In [1]:
import pandas as pd

# Load datasets
deliveries_df = pd.read_excel("deliveries.xlsx", sheet_name="deliveries.csv")
matches_df = pd.read_excel("matches (1).xlsx", sheet_name="matches (1).csv")


In [3]:

# Clean Deliveries Dataset

# Fill missing dismissal-related columns with "NA"
deliveries_df['player_dismissed'] = deliveries_df['player_dismissed'].fillna("NA")
deliveries_df['dismissal_kind'] = deliveries_df['dismissal_kind'].fillna("NA")
deliveries_df['fielder'] = deliveries_df['fielder'].fillna("NA")

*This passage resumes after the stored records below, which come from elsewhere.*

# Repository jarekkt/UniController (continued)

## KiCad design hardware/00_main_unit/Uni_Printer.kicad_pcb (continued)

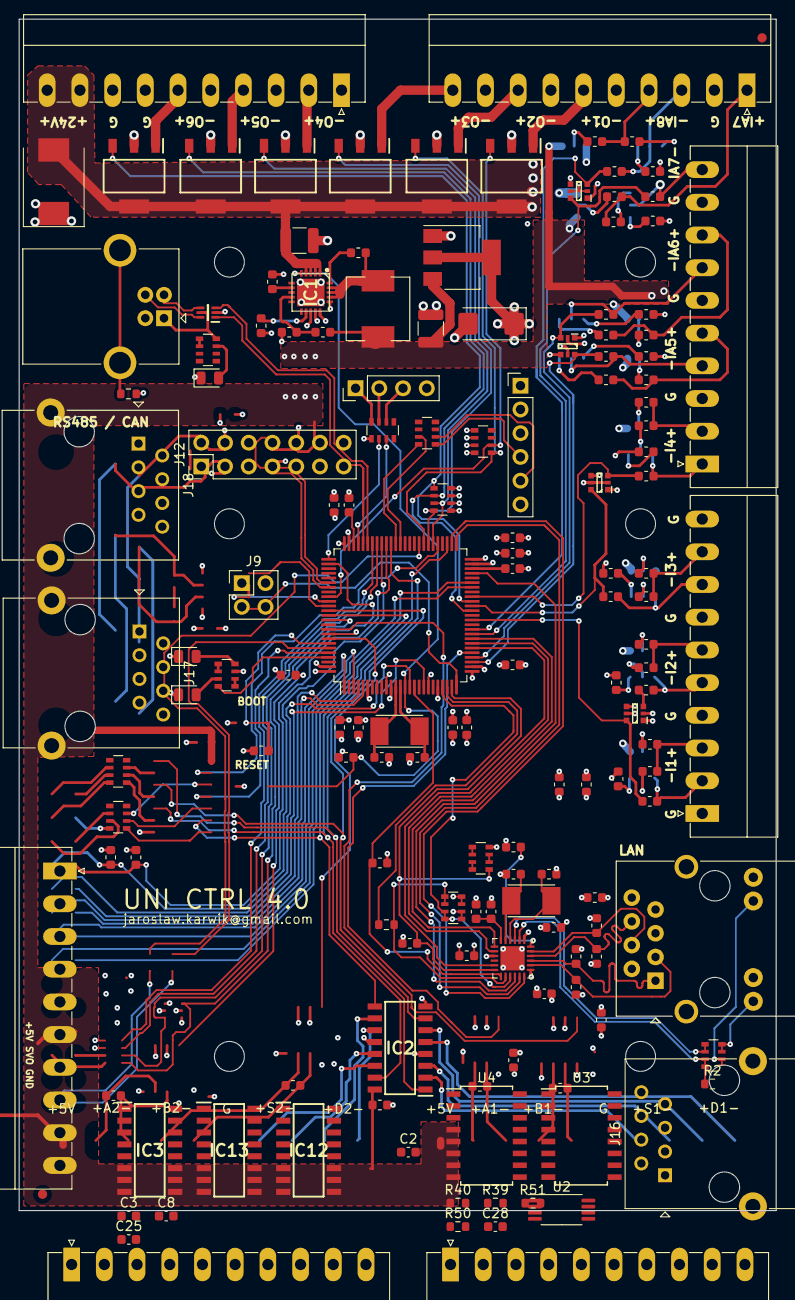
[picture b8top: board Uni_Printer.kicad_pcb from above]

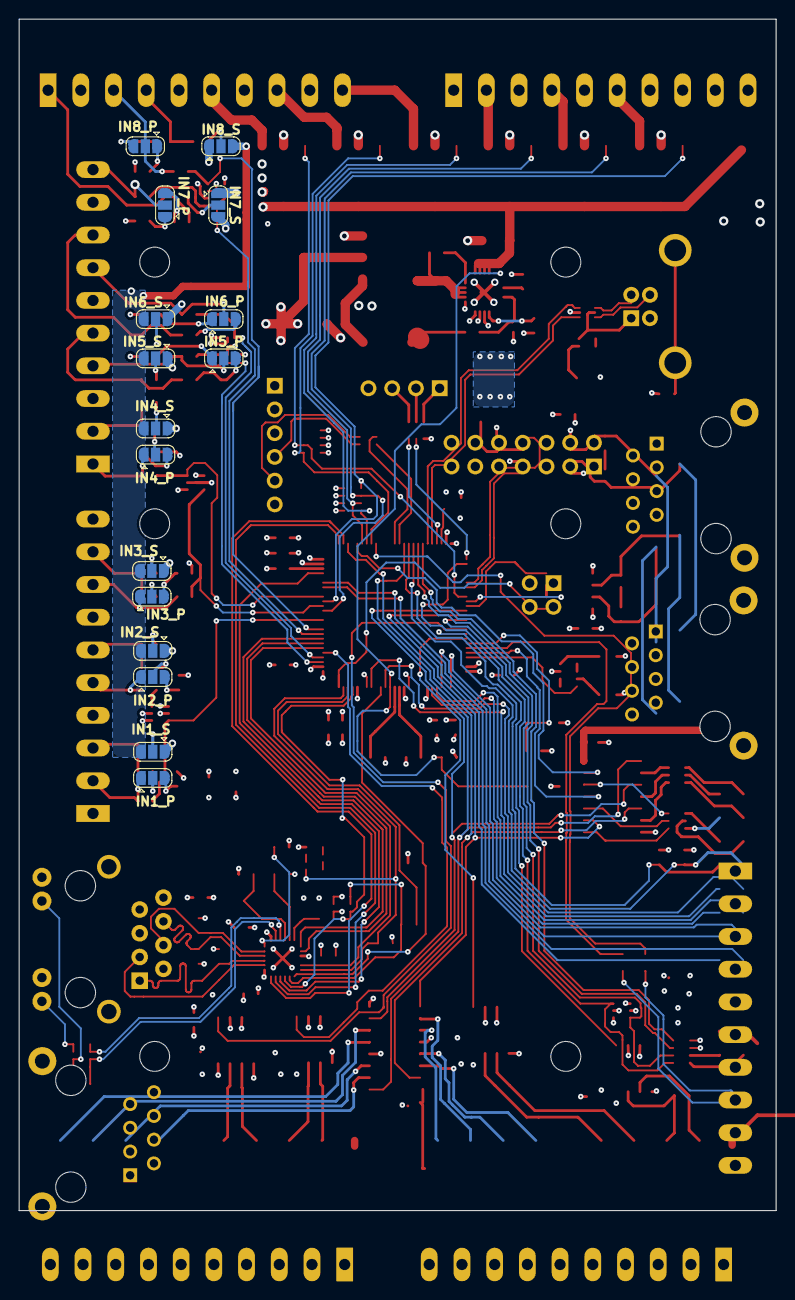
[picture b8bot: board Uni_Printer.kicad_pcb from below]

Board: 4 copper layers, 81.0 x 127.5 mm, 173 parts (16 on the bottom side), 202 nets.

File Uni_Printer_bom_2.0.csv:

Component,Description,Part,References,Value,Footprint,Quantity Per PCB,Datasheet,TME,Category,Mouser Price/Stock,Mouser Part Number,Manufacturer_Name,Height,RS Price/Stock,RS Part Number,Manufacturer_Part_Number,Arrow Part Number,Arrow Price/Stock,TME-WTYK,TME-GNIAZDO,Digi,MFG num
1,,C-Device,C4 C5 C18 C19,18pF,C_0603_1608Metric,4,~,VJ0603A180JXACW2BC,,,,,,,,,,,,,,
2,Unpolarized capacitor,C,C6 C7,18p,C_0603_1608Metric,2,~,,,,,,,,,,,,,,,
3,"Unpolarized capacitor, small symbol",C_Small,C42,5.6nF,C_0603_1608Metric,1,~,,,,,,,,,,,,,,,
4,"Unpolarized capacitor, small symbol",C_Small,C1 C21 C33 C35 C36 C37,100nF,C_0603_1608Metric,6,~,,,,,,,,,,,,,,,
5,,C-Device,C12 C14 C15 C16 C17 C20 C22 C24 C26 C31,100n,C_0603_1608Metric,10,~,C0603C104K3RAC,,,,,,,,,,,,,,
6,,C,C2 C3,100n,C_0603_1608Metric,2,,,Capacitor,,,,,,,,,,,,,
7,,C_Small-Device,C25 C27 C28 C29 C30 C34,100n,C_0603_1608Metric,6,~,C0603C104K3RAC WF06P-120R-5%,,,,,,,,,,,,,,
8,,C_Small-Sensor_tank_v1-rescue-Uni_General_v1-rescue-Uni_Printer_v1-rescue,C32,100n,C_0603_1608Metric,1,,C0603C104K3RAC,,,,,,,,,,,,,,
9,"Unpolarized capacitor, small symbol",C_Small,C41,2.2uF,C_0603_1608Metric,1,~,,,,,,,,,,,,,,,
10,,C-Device,C8 C10 C11 C13 C23 C38,10uF,C_1206_3216Metric,6,~,0805X106K100CT,,,,,,,,,,,,,,
11,"Unpolarized capacitor, small symbol",C_Small,C9,10uF,C_0603_1608Metric,1,~,,,,,,,,,,,,,,,
12,"Unpolarized capacitor, small symbol",C_Small,C44,100uF 6.3V Tantal,CP_EIA-6032-28_Kemet-C,1,~,,,,,,,,,,,,,,,
13,"Unpolarized capacitor, small symbol",C_Small,C40,10uF 50V,C_1210_3225Metric,1,~,,,,,,,,,,,,,,,
14,"Unpolarized capacitor, small symbol",C_Small,C43,22uF 25V,C_1206_3216Metric,1,~,,,,,,,,,,,,,,,
15,"Polarized capacitor, US symbol",CP1,CP1,1.0uF/1.0ESR,C_0603_1608Metric,1,~,,,,,,,,,,,,,,,
16,"Polarized capacitor, US symbol",CP1,CP2,470pF,C_0603_1608Metric,1,~,,,,,,,,,,,,,,,
17,,D_Schottky_x4_BAV99S-RESCUE-step2cnc-Sensor_tank_v1-rescue-Uni_General_v1-rescue-Uni_Printer_v1-rescue,D1 D4 D5 D7 D8,D_Schottky_x4_BAV99S,SOT-363,5,,BAV99S.115,,,,,,,,,,,,,,
18,,LED-Sensor_tank_v1-rescue-Uni_General_v1-rescue-Uni_Printer_v1-rescue,D2 D3 D9,LED,LED_0805_2012Metric,3,,,,,,,,,,,,,,,,
19,,NUF2042XV6T1G,D6,NUF2042XV6T1G,SOT50P160X60-6N,1,~,,,,,,,,,,,,,,,
20,Bidirectional transient-voltage-suppression diode,D_TVS,D10,SMCJ24CA,D_SMC,1,~,SMCJ24CA,,,,,,,,,,,,,,
21,,74*14-step2cnc-Uni_Printer_v1-rescue,IC3,74HC14D,SO14,1,~,,,,,,,,,,,,,,,
22,,AM26C31CD-AM26C31CD-Uni_Printer_v1-rescue,IC2,AM26C31CD,SOIC127P600X175-16N,1,http://www.ti.com/lit/ds/symlink/am26c31.pdf,,,https://www.mouser.com/Search/Refine.aspx?Keyword=595-AM26C31CD,595-AM26C31CD,Texas Instruments,1.75,http://uk.rs-online.com/web/p/products/5170520P,5170520P,AM26C31CD,,,,,,
23,,ITS4141NHUMA1,IC6 IC7 IC8 IC9 IC10 IC11,ITS4141NHUMA1,SOT230P700X170-4N,6,http://www.farnell.com/datasheets/8560http://www.infineon.co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,,,https://www.mouser.co.uk/ProductDetail/Infineon-Technologies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,726-ITS4141NHUMA1,Infineon,1.7,,,ITS4141NHUMA1,ITS4141NHUMA1,https://www.arrow.com/en/products/its4141nhuma1/infineon-tec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,,,,
24,,LAN8720A,IC5,LAN8742A,QFN-24-1EP_4x4mm_P0.5mm_EP2.6x2.6mm,1,,,,,,,,,,,,,,,,
25,,MAX17503ATP+,IC1,MAX17503ATP+,QFN50P400X400X80-21N,1,https://pdfserv.maximintegrated.com/en/ds/MAX17503.pdf,,,https://www.mouser.com/Search/Refine.aspx?Keyword=700-MAX175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,700-MAX17503ATP+,Maxim Integrated,0.8,,,MAX17503ATP+,,,,,,
26,,LM1117-step2cnc-Sensor_tank_v1-rescue-Uni_General_v1-rescue-Uni_Printer_v1-rescue-Uni_Printer-rescue,IC4,TLV1117-33,SOT-223-3_TabPin2,1,,TLV1117-33CDCYG3,,,,,,,,,,,,,,
27,"Generic connector, single row, 01x04, script generated (kicad-library-utils/schlib/autogen/connector/)",Conn_01x04_Male,J13,Conn_01x04_Male,PinHeader_1x04_P2.54mm_Vertical,1,~,,,,,,,,,,,,,,,
28,,Conn_01x10-Connector_Generic,J1 J2 J3 J4 J7 J8,Conn_01x10,PhoenixContact_MC-G_10x3.50mm_Angled,6,~,,,,,,,,,,,,15EDGK-3.5/10P,15EDGRC-3.5/10P,,
29,"Generic connector, double row, 02x14, odd/even pin numbering scheme (row 1 odd numbers, row 2 even numbers), script generated (kicad-library-utils/schlib/autogen/connector/)",Conn_02x14_Odd_Even,J14,Conn_02x13_Odd_Even,PinHeader_2x14_P2.54mm_Vertical,1,~,,,,,,,,,,,,,,,
30,,RJ45-TRANSFO_v2-rj12,J11,LMJ1998824110DL1T39J,LMJ1998824110DL1T39J,1,,RJ45-TRAFO-L,,,,,,,,,,,,,,
31,"RJ connector, 8P8C (8 positions 8 connected)",RJ45,J9 J12,RJ45,RJ45_Amphenol_54602-x08_Horizontal,2,~,,,,,,,,,,,,,,,
32,,USB_B-Connector,J10,USB B connector,USB_B_OST_USB-B1HSxx_Horizontal,1,~,TUEB4F2D0B,,,,,,,,,,,,,,
33,,Jumper_3_Bridged12-Jumper,JP1 JP2 JP3 JP4 JP7 JP8 JP9 JP10 JP11 JP12 JP13 JP14 JP15 JP16 JP17 JP18,Jumper,SolderJumper-3_P1.3mm_Bridged2Bar12_RoundedPad1.0x1.5mm,16,~,WF06P-120R-5%,,,,,,,,,,,,,,
34,,Jumper_NO_Small-Device,JP5 JP6,Jumper,SolderJumper-2_P1.3mm_Open_RoundedPad1.0x1.5mm,2,~,,,,,,,,,,,,,,,
35,,INDUCTOR_SMALL,L1,10uH,L_0603_1608Metric,1,,,,,,,,,,,,,,,,
36,"Inductor, small symbol",L_Small,L2,10uH,HPI0630,1,~,HPI0630-100,,,,,,,,,,,,,,
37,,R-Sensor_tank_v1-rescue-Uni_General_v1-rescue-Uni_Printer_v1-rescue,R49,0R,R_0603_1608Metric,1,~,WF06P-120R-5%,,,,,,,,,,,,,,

# Convert is_super_over into boolean
deliveries_df['is_super_over'] = deliveries_df['is_super_over'].astype(bool)

# Validate total_runs = batsman_runs + extra_runs
deliveries_df['check_runs'] = deliveries_df['batsman_runs'] + deliveries_df['extra_runs']
invalid_runs = deliveries_df[deliveries_df['check_runs'] != deliveries_df['total_runs']]
if not invalid_runs.empty:
    print(f"⚠️ Found {len(invalid_runs)} rows with run mismatches!")

# Drop helper column
deliveries_df = deliveries_df.drop(columns=['check_runs'])



In [5]:

# 2. Clean Matches Dataset
# Fill missing city with "Unknown"
matches_df['city'] = matches_df['city'].fillna("Unknown")

# Fill winner & player_of_match with "No Result"
matches_df['winner'] = matches_df['winner'].fillna("No Result")
matches_df['player_of_match'] = matches_df['player_of_match'].fillna("NA")

# Fill missing umpires with "Unknown"
matches_df['umpire1'] = matches_df['umpire1'].fillna("Unknown")
matches_df['umpire2'] = matches_df['umpire2'].fillna("Unknown")

# Drop umpire3 (all null values)
matches_df = matches_df.drop(columns=['umpire3'])


In [7]:
# 3. Standardize Team Names
team_name_map = {
    "Delhi Daredevils": "Delhi Capitals",
    "Rising Pune Supergiant": "Rising Pune Supergiants",
    "Kings XI Punjab": "Punjab Kings"
}

# Apply mapping to both datasets
for col in ['batting_team', 'bowling_team']:
    deliveries_df[col] = deliveries_df[col].replace(team_name_map)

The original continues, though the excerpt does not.